§ Work required:
Somewhere below, one line contains "arc A8 (1.9279, -1.7445)" and a later line contains "line L26 (1.4544, -2.1552)". Output those two lines and everything between them exactly, and nothing else.

§ Supplied entries:
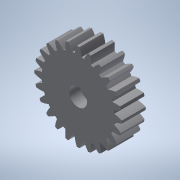
# Autodesk Inventor part: small-gear-v2
Saved by Autodesk Inventor 2020 (Build 240168000, 168)
## iProperties
Created: 2020-08-23
Part Number: small-gear-v2
Material: Ogólny
Document SubType Name: Modeling
Designer: blep
Density: 1 g/cm^3
Appearance: Domyślna
Author: blep
Autodesk Inventor part; units mm, degrees
ref_plane "YZ Plane" through (0, 0, 0) normal (1, 0, 0) x (0, 1, 0)
ref_plane "XZ Plane" through (0, 0, 0) normal (0, 1, 0) x (-1, 0, 0)
ref_plane "XY Plane" through (0, 0, 0) normal (0, 0, 1) x (1, 0, 0)
sketch "Szkic1" plane through (0, 0, 0) normal (0, 0, 1) x (1, 0, 0)
  circle A0 centre (0, 0) radius 10 projected
  arc A1 (-4.8234, -10.5501) -> (-4.0494, -10.8707) centre (0, 0) ccw projected
  arc A2 (-4.0494, -10.8707) -> (-4.0286, -13.3901) centre (5.3777, -12.0526) ccw projected
  arc A3 (-4.0286, -13.3901) -> (-3.2062, -13.6104) centre (0, 0) ccw projected
  arc A4 (-3.2062, -13.6104) -> (-1.9284, -11.439) centre (-10.6836, -7.749) ccw projected
  arc A5 (-1.9284, -11.439) -> (-1.0979, -11.5483) centre (0, 0) ccw projected
  arc A6 (-1.0979, -11.5483) -> (-0.4257, -13.9765) centre (8.3139, -10.2501) ccw projected
  arc A7 (-0.4257, -13.9765) -> (0.4257, -13.9765) centre (0, 0) ccw projected
  arc A8 (0.4257, -13.9765) -> (1.0979, -11.5483) centre (-8.3139, -10.2501) ccw projected
  arc A9 (1.0979, -11.5483) -> (1.9284, -11.439) centre (0, 0) ccw projected
  arc A10 (1.9284, -11.439) -> (3.2062, -13.6104) centre (10.6836, -7.749) ccw projected
  arc A11 (3.2062, -13.6104) -> (4.0286, -13.3901) centre (0, 0) ccw projected
  arc A12 (4.0286, -13.3901) -> (4.0494, -10.8707) centre (-5.3777, -12.0526) ccw projected
  arc A13 (4.0494, -10.8707) -> (4.8234, -10.5501) centre (0, 0) ccw projected
  arc A14 (4.8234, -10.5501) -> (6.6195, -12.3168) centre (12.3251, -4.7199) ccw projected
  arc A15 (6.6195, -12.3168) -> (7.3569, -11.8911) centre (0, 0) ccw projected
  arc A16 (7.3569, -11.8911) -> (6.725, -9.4522) centre (-2.075, -13.0338) ccw projected
  arc A17 (6.725, -9.4522) -> (7.3896, -8.9422) centre (0, 0) ccw projected
  arc A18 (7.3896, -8.9422) -> (9.5818, -10.1839) centre (13.1267, -1.3691) ccw projected
  arc A19 (9.5818, -10.1839) -> (10.1839, -9.5818) centre (0, 0) ccw projected
  arc A20 (10.1839, -9.5818) -> (8.9422, -7.3896) centre (1.3691, -13.1267) ccw projected
  arc A21 (8.9422, -7.3896) -> (9.4522, -6.725) centre (0, 0) ccw projected
  arc A22 (9.4522, -6.725) -> (11.8911, -7.3569) centre (13.0338, 2.075) ccw projected
  arc A23 (11.8911, -7.3569) -> (12.3168, -6.6195) centre (0, 0) ccw projected
  arc A24 (12.3168, -6.6195) -> (10.5501, -4.8234) centre (4.7199, -12.3251) ccw projected
  arc A25 (10.5501, -4.8234) -> (10.8707, -4.0494) centre (0, 0) ccw projected
  arc A26 (10.8707, -4.0494) -> (13.3901, -4.0286) centre (12.0526, 5.3777) ccw projected
  arc A27 (13.3901, -4.0286) -> (13.6104, -3.2062) centre (0, 0) ccw projected
  arc A28 (13.6104, -3.2062) -> (11.439, -1.9284) centre (7.749, -10.6836) ccw projected
  arc A29 (11.439, -1.9284) -> (11.5483, -1.0979) centre (0, 0) ccw projected
  arc A30 (11.5483, -1.0979) -> (13.9765, -0.4257) centre (10.2501, 8.3139) ccw projected
  arc A31 (13.9765, -0.4257) -> (13.9765, 0.4257) centre (0, 0) ccw projected
  arc A32 (13.9765, 0.4257) -> (11.5483, 1.0979) centre (10.2501, -8.3139) ccw projected
  arc A33 (11.5483, 1.0979) -> (11.439, 1.9284) centre (0, 0) ccw projected
  arc A34 (11.439, 1.9284) -> (13.6104, 3.2062) centre (7.749, 10.6836) ccw projected
  arc A35 (13.6104, 3.2062) -> (13.3901, 4.0286) centre (0, 0) ccw projected
  arc A36 (13.3901, 4.0286) -> (10.8707, 4.0494) centre (12.0526, -5.3777) ccw projected
  arc A37 (10.8707, 4.0494) -> (10.5501, 4.8234) centre (0, 0) ccw projected
  arc A38 (10.5501, 4.8234) -> (12.3168, 6.6195) centre (4.7199, 12.3251) ccw projected
  arc A39 (12.3168, 6.6195) -> (11.8911, 7.3569) centre (0, 0) ccw projected
  arc A40 (11.8911, 7.3569) -> (9.4522, 6.725) centre (13.0338, -2.075) ccw projected
  arc A41 (9.4522, 6.725) -> (8.9422, 7.3896) centre (0, 0) ccw projected
  arc A42 (8.9422, 7.3896) -> (10.1839, 9.5818) centre (1.3691, 13.1267) ccw projected
  arc A43 (10.1839, 9.5818) -> (9.5818, 10.1839) centre (0, 0) ccw projected
  arc A44 (9.5818, 10.1839) -> (7.3896, 8.9422) centre (13.1267, 1.3691) ccw projected
  arc A45 (7.3896, 8.9422) -> (6.725, 9.4522) centre (0, 0) ccw projected
  arc A46 (6.725, 9.4522) -> (7.3569, 11.8911) centre (-2.075, 13.0338) ccw projected
  arc A47 (7.3569, 11.8911) -> (6.6195, 12.3168) centre (0, 0) ccw projected
  arc A48 (6.6195, 12.3168) -> (4.8234, 10.5501) centre (12.3251, 4.7199) ccw projected
  arc A49 (4.8234, 10.5501) -> (4.0494, 10.8707) centre (0, 0) ccw projected
  arc A50 (4.0494, 10.8707) -> (4.0286, 13.3901) centre (-5.3777, 12.0526) ccw projected
  arc A51 (4.0286, 13.3901) -> (3.2062, 13.6104) centre (0, 0) ccw projected
  arc A52 (3.2062, 13.6104) -> (1.9284, 11.439) centre (10.6836, 7.749) ccw projected
  arc A53 (1.9284, 11.439) -> (1.0979, 11.5483) centre (0, 0) ccw projected
  arc A54 (1.0979, 11.5483) -> (0.4257, 13.9765) centre (-8.3139, 10.2501) ccw projected
  arc A55 (0.4257, 13.9765) -> (-0.4257, 13.9765) centre (0, 0) ccw projected
  arc A56 (-0.4257, 13.9765) -> (-1.0979, 11.5483) centre (8.3139, 10.2501) ccw projected
  arc A57 (-1.0979, 11.5483) -> (-1.9284, 11.439) centre (0, 0) ccw projected
  arc A58 (-1.9284, 11.439) -> (-3.2062, 13.6104) centre (-10.6836, 7.749) ccw projected
  arc A59 (-3.2062, 13.6104) -> (-4.0286, 13.3901) centre (0, 0) ccw projected
  arc A60 (-4.0286, 13.3901) -> (-4.0494, 10.8707) centre (5.3777, 12.0526) ccw projected
  arc A61 (-4.0494, 10.8707) -> (-4.8234, 10.5501) centre (0, 0) ccw projected
  arc A62 (-4.8234, 10.5501) -> (-6.6195, 12.3168) centre (-12.3251, 4.7199) ccw projected
  arc A63 (-6.6195, 12.3168) -> (-7.3569, 11.8911) centre (0, 0) ccw projected
  arc A64 (-7.3569, 11.8911) -> (-6.725, 9.4522) centre (2.075, 13.0338) ccw projected
  arc A65 (-6.725, 9.4522) -> (-7.3896, 8.9422) centre (0, 0) ccw projected
  arc A66 (-7.3896, 8.9422) -> (-9.5818, 10.1839) centre (-13.1267, 1.3691) ccw projected
  arc A67 (-9.5818, 10.1839) -> (-10.1839, 9.5818) centre (0, 0) ccw projected
  arc A68 (-10.1839, 9.5818) -> (-8.9422, 7.3896) centre (-1.3691, 13.1267) ccw projected
  arc A69 (-8.9422, 7.3896) -> (-9.4522, 6.725) centre (0, 0) ccw projected
  arc A70 (-9.4522, 6.725) -> (-11.8911, 7.3569) centre (-13.0338, -2.075) ccw projected
  arc A71 (-11.8911, 7.3569) -> (-12.3168, 6.6195) centre (0, 0) ccw projected
  arc A72 (-12.3168, 6.6195) -> (-10.5501, 4.8234) centre (-4.7199, 12.3251) ccw projected
  arc A73 (-10.5501, 4.8234) -> (-10.8707, 4.0494) centre (0, 0) ccw projected
  arc A74 (-10.8707, 4.0494) -> (-13.3901, 4.0286) centre (-12.0526, -5.3777) ccw projected
  arc A75 (-13.3901, 4.0286) -> (-13.6104, 3.2062) centre (0, 0) ccw projected
  arc A76 (-13.6104, 3.2062) -> (-11.439, 1.9284) centre (-7.749, 10.6836) ccw projected
  arc A77 (-11.439, 1.9284) -> (-11.5483, 1.0979) centre (0, 0) ccw projected
  arc A78 (-11.5483, 1.0979) -> (-13.9765, 0.4257) centre (-10.2501, -8.3139) ccw projected
  arc A79 (-13.9765, 0.4257) -> (-13.9765, -0.4257) centre (0, 0) ccw projected
  arc A80 (-13.9765, -0.4257) -> (-11.5483, -1.0979) centre (-10.2501, 8.3139) ccw projected
  arc A81 (-11.5483, -1.0979) -> (-11.439, -1.9284) centre (0, 0) ccw projected
  arc A82 (-11.439, -1.9284) -> (-13.6104, -3.2062) centre (-7.749, -10.6836) ccw projected
  arc A83 (-13.6104, -3.2062) -> (-13.3901, -4.0286) centre (0, 0) ccw projected
  arc A84 (-13.3901, -4.0286) -> (-10.8707, -4.0494) centre (-12.0526, 5.3777) ccw projected
  arc A85 (-10.8707, -4.0494) -> (-10.5501, -4.8234) centre (0, 0) ccw projected
  arc A86 (-10.5501, -4.8234) -> (-12.3168, -6.6195) centre (-4.7199, -12.3251) ccw projected
  arc A87 (-12.3168, -6.6195) -> (-11.8911, -7.3569) centre (0, 0) ccw projected
  arc A88 (-11.8911, -7.3569) -> (-9.4522, -6.725) centre (-13.0338, 2.075) ccw projected
  arc A89 (-9.4522, -6.725) -> (-8.9422, -7.3896) centre (0, 0) ccw projected
  arc A90 (-8.9422, -7.3896) -> (-10.1839, -9.5818) centre (-1.3691, -13.1267) ccw projected
  arc A91 (-10.1839, -9.5818) -> (-9.5818, -10.1839) centre (0, 0) ccw projected
  arc A92 (-9.5818, -10.1839) -> (-7.3896, -8.9422) centre (-13.1267, -1.3691) ccw projected
  arc A93 (-7.3896, -8.9422) -> (-6.725, -9.4522) centre (0, 0) ccw projected
  arc A94 (-6.725, -9.4522) -> (-7.3569, -11.8911) centre (2.075, -13.0338) ccw projected
  arc A95 (-7.3569, -11.8911) -> (-6.6195, -12.3168) centre (0, 0) ccw projected
  arc A96 (-6.6195, -12.3168) -> (-4.8234, -10.5501) centre (-12.3251, -4.7199) ccw projected
  point P0 (0, 0)
extrude "Wyciągnięcie proste1" add sketch "Szkic1" along normal blind 7.6 contours A0 | A96 A95 A94 A93 A92 A91 A90 A89 A88 A87 A86 A85 A84 A83 A82 A81 A80 A79 A78 A77 A76 A75 A74 A73 A72 A71 A70 A69 A68 A67 A66 A65 A64 A63 A62 A61 A60 A59 A58 A57 A56 A55 A54 A53 A52 A51 A50 A49 A48 A47 A46 A45 A44 A43 A42 A41 A40 A39 A38 A37 A36 A35 A34 A33 A32 A31 A30 A29 A28 A27 A26 A25 A24 A23 A22 A21 A20 A19 A18 A17 A16 A15 A14 A13 A12 A11 A10 A9 A8 A7 A6 A5 A4 A3 A2 A1
sketch "Szkic2" plane through (0, 0, 7.6) normal (0, 0, 1) x (1, 0, 0)
  circle A0 centre (0, 0) radius 0.8 projected
  line L0 (1.024, 2.4534) -> (1.397, 2.2614) projected
  line L1 (1.397, 2.2614) -> (1.4153, 2.1811) projected
  arc A1 (1.4994, 2.1241) -> (1.4153, 2.1811) centre (0, 0) ccw projected
  line L2 (1.4994, 2.1241) -> (1.5814, 2.137) projected
  line L3 (1.5814, 2.137) -> (1.8976, 1.8613) projected
  line L4 (1.8976, 1.8613) -> (1.8961, 1.779) projected
  arc A2 (1.9642, 1.7035) -> (1.8961, 1.779) centre (0, 0) ccw projected
  line L5 (1.9642, 1.7035) -> (2.0468, 1.6965) projected
  line L6 (2.0468, 1.6965) -> (2.2879, 1.3531) projected
  line L7 (2.2879, 1.3531) -> (2.2668, 1.2735) projected
  arc A3 (2.3148, 1.184) -> (2.2668, 1.2735) centre (0, 0) ccw projected
  line L8 (2.3148, 1.184) -> (2.3934, 1.1574) projected
  line L9 (2.3934, 1.1574) -> (2.5452, 0.7663) projected
  line L10 (2.5452, 0.7663) -> (2.5057, 0.694) projected
  arc A4 (2.5309, 0.5956) -> (2.5057, 0.694) centre (0, 0) ccw projected
  line L11 (2.5309, 0.5956) -> (2.6008, 0.551) projected
  line L12 (2.6008, 0.551) -> (2.6546, 0.1349) projected
  line L13 (2.6546, 0.1349) -> (2.5989, 0.0742) projected
  arc A5 (2.5999, -0.0274) -> (2.5989, 0.0742) centre (0, 0) ccw projected
  line L14 (2.5999, -0.0274) -> (2.6571, -0.0875) projected
  line L15 (2.6571, -0.0875) -> (2.6098, -0.5043) projected
  line L16 (2.6098, -0.5043) -> (2.5412, -0.5499) projected
  arc A6 (2.5178, -0.6487) -> (2.5412, -0.5499) centre (0, 0) ccw projected
  line L17 (2.5178, -0.6487) -> (2.5589, -0.7208) projected
  line L18 (2.5589, -0.7208) -> (2.4133, -1.1142) projected
  line L19 (2.4133, -1.1142) -> (2.3357, -1.1421) projected
  arc A7 (2.2893, -1.2324) -> (2.3357, -1.1421) centre (0, 0) ccw projected
  line L20 (2.2893, -1.2324) -> (2.3121, -1.3122) projected
  line L21 (2.3121, -1.3122) -> (2.0765, -1.6594) projected
  line L22 (2.0765, -1.6594) -> (1.9946, -1.6679) projected
  arc A8 (1.9279, -1.7445) -> (1.9946, -1.6679) centre (0, 0) ccw projected
  line L23 (1.9279, -1.7445) -> (1.9309, -1.8274) projected
  line L24 (1.9309, -1.8274) -> (1.619, -2.1081) projected
  line L25 (1.619, -2.1081) -> (1.5375, -2.0967) projected
  arc A9 (1.4544, -2.1552) -> (1.5375, -2.0967) centre (0, 0) ccw projected
  line L26 (1.4544, -2.1552) -> (1.4374, -2.2364) projected
  line L27 (1.4374, -2.2364) -> (1.0675, -2.4343) projected
  line L28 (1.0675, -2.4343) -> (0.991, -2.4037) projected
  arc A10 (0.8963, -2.4406) -> (0.991, -2.4037) centre (0, 0) ccw projected
  line L29 (0.8963, -2.4406) -> (0.8604, -2.5154) projected
  line L30 (0.8604, -2.5154) -> (0.4539, -2.619) projected
  line L31 (0.4539, -2.619) -> (0.387, -2.571) projected
  arc A11 (0.2862, -2.5842) -> (0.387, -2.571) centre (0, 0) ccw projected
  line L32 (0.2862, -2.5842) -> (0.2335, -2.6482) projected
  line L33 (0.2335, -2.6482) -> (-0.1861, -2.6515) projected
  line L34 (-0.1861, -2.6515) -> (-0.2396, -2.5889) projected
  arc A12 (-0.3405, -2.5776) -> (-0.2396, -2.5889) centre (0, 0) ccw projected
  line L35 (-0.3405, -2.5776) -> (-0.4071, -2.6272) projected
  line L36 (-0.4071, -2.6272) -> (-0.8152, -2.53) projected
  line L37 (-0.8152, -2.53) -> (-0.8522, -2.4564) projected
  arc A13 (-0.9475, -2.4212) -> (-0.8522, -2.4564) centre (0, 0) ccw projected
  line L38 (-0.9475, -2.4212) -> (-1.024, -2.4534) projected
  line L39 (-1.024, -2.4534) -> (-1.397, -2.2614) projected
  line L40 (-1.397, -2.2614) -> (-1.4153, -2.1811) projected
  arc A14 (-1.4994, -2.1241) -> (-1.4153, -2.1811) centre (0, 0) ccw projected
  line L41 (-1.4994, -2.1241) -> (-1.5814, -2.137) projected
  line L42 (-1.5814, -2.137) -> (-1.8976, -1.8613) projected
  line L43 (-1.8976, -1.8613) -> (-1.8961, -1.779) projected
  arc A15 (-1.9642, -1.7035) -> (-1.8961, -1.779) centre (0, 0) ccw projected
  line L44 (-1.9642, -1.7035) -> (-2.0468, -1.6965) projected
  line L45 (-2.0468, -1.6965) -> (-2.2879, -1.3531) projected
  line L46 (-2.2879, -1.3531) -> (-2.2668, -1.2735) projected
  arc A16 (-2.3148, -1.184) -> (-2.2668, -1.2735) centre (0, 0) ccw projected
  line L47 (-2.3148, -1.184) -> (-2.3934, -1.1574) projected
  line L48 (-2.3934, -1.1574) -> (-2.5452, -0.7663) projected
  line L49 (-2.5452, -0.7663) -> (-2.5057, -0.694) projected
  arc A17 (-2.5309, -0.5956) -> (-2.5057, -0.694) centre (0, 0) ccw projected
  line L50 (-2.5309, -0.5956) -> (-2.6008, -0.551) projected
  line L51 (-2.6008, -0.551) -> (-2.6546, -0.1349) projected
  line L52 (-2.6546, -0.1349) -> (-2.5989, -0.0742) projected
  arc A18 (-2.5999, 0.0274) -> (-2.5989, -0.0742) centre (0, 0) ccw projected
  line L53 (-2.5999, 0.0274) -> (-2.6571, 0.0875) projected
  line L54 (-2.6571, 0.0875) -> (-2.6098, 0.5043) projected
  line L55 (-2.6098, 0.5043) -> (-2.5412, 0.5499) projected
  arc A19 (-2.5178, 0.6487) -> (-2.5412, 0.5499) centre (0, 0) ccw projected
  line L56 (-2.5178, 0.6487) -> (-2.5589, 0.7208) projected
  line L57 (-2.5589, 0.7208) -> (-2.4133, 1.1142) projected
  line L58 (-2.4133, 1.1142) -> (-2.3357, 1.1421) projected
  arc A20 (-2.2893, 1.2324) -> (-2.3357, 1.1421) centre (0, 0) ccw projected
  line L59 (-2.2893, 1.2324) -> (-2.3121, 1.3122) projected
  line L60 (-2.3121, 1.3122) -> (-2.0765, 1.6594) projected
  line L61 (-2.0765, 1.6594) -> (-1.9946, 1.6679) projected
  arc A21 (-1.9279, 1.7445) -> (-1.9946, 1.6679) centre (0, 0) ccw projected
  line L62 (-1.9279, 1.7445) -> (-1.9309, 1.8274) projected
  line L63 (-1.9309, 1.8274) -> (-1.619, 2.1081) projected
  line L64 (-1.619, 2.1081) -> (-1.5375, 2.0967) projected
  arc A22 (-1.4544, 2.1552) -> (-1.5375, 2.0967) centre (0, 0) ccw projected
  line L65 (-1.4544, 2.1552) -> (-1.4374, 2.2364) projected
  line L66 (-1.4374, 2.2364) -> (-1.0675, 2.4343) projected
  line L67 (-1.0675, 2.4343) -> (-0.991, 2.4037) projected
  arc A23 (-0.8963, 2.4406) -> (-0.991, 2.4037) centre (0, 0) ccw projected
  line L68 (-0.8963, 2.4406) -> (-0.8604, 2.5154) projected
  line L69 (-0.8604, 2.5154) -> (-0.4539, 2.619) projected
  line L70 (-0.4539, 2.619) -> (-0.387, 2.571) projected
  arc A24 (-0.2862, 2.5842) -> (-0.387, 2.571) centre (0, 0) ccw projected
  line L71 (-0.2862, 2.5842) -> (-0.2335, 2.6482) projected
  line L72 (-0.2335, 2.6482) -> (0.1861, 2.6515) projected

§ Response to this task:
  arc A8 (1.9279, -1.7445) -> (1.9946, -1.6679) centre (0, 0) ccw projected
  line L23 (1.9279, -1.7445) -> (1.9309, -1.8274) projected
  line L24 (1.9309, -1.8274) -> (1.619, -2.1081) projected
  line L25 (1.619, -2.1081) -> (1.5375, -2.0967) projected
  arc A9 (1.4544, -2.1552) -> (1.5375, -2.0967) centre (0, 0) ccw projected
  line L26 (1.4544, -2.1552) -> (1.4374, -2.2364) projected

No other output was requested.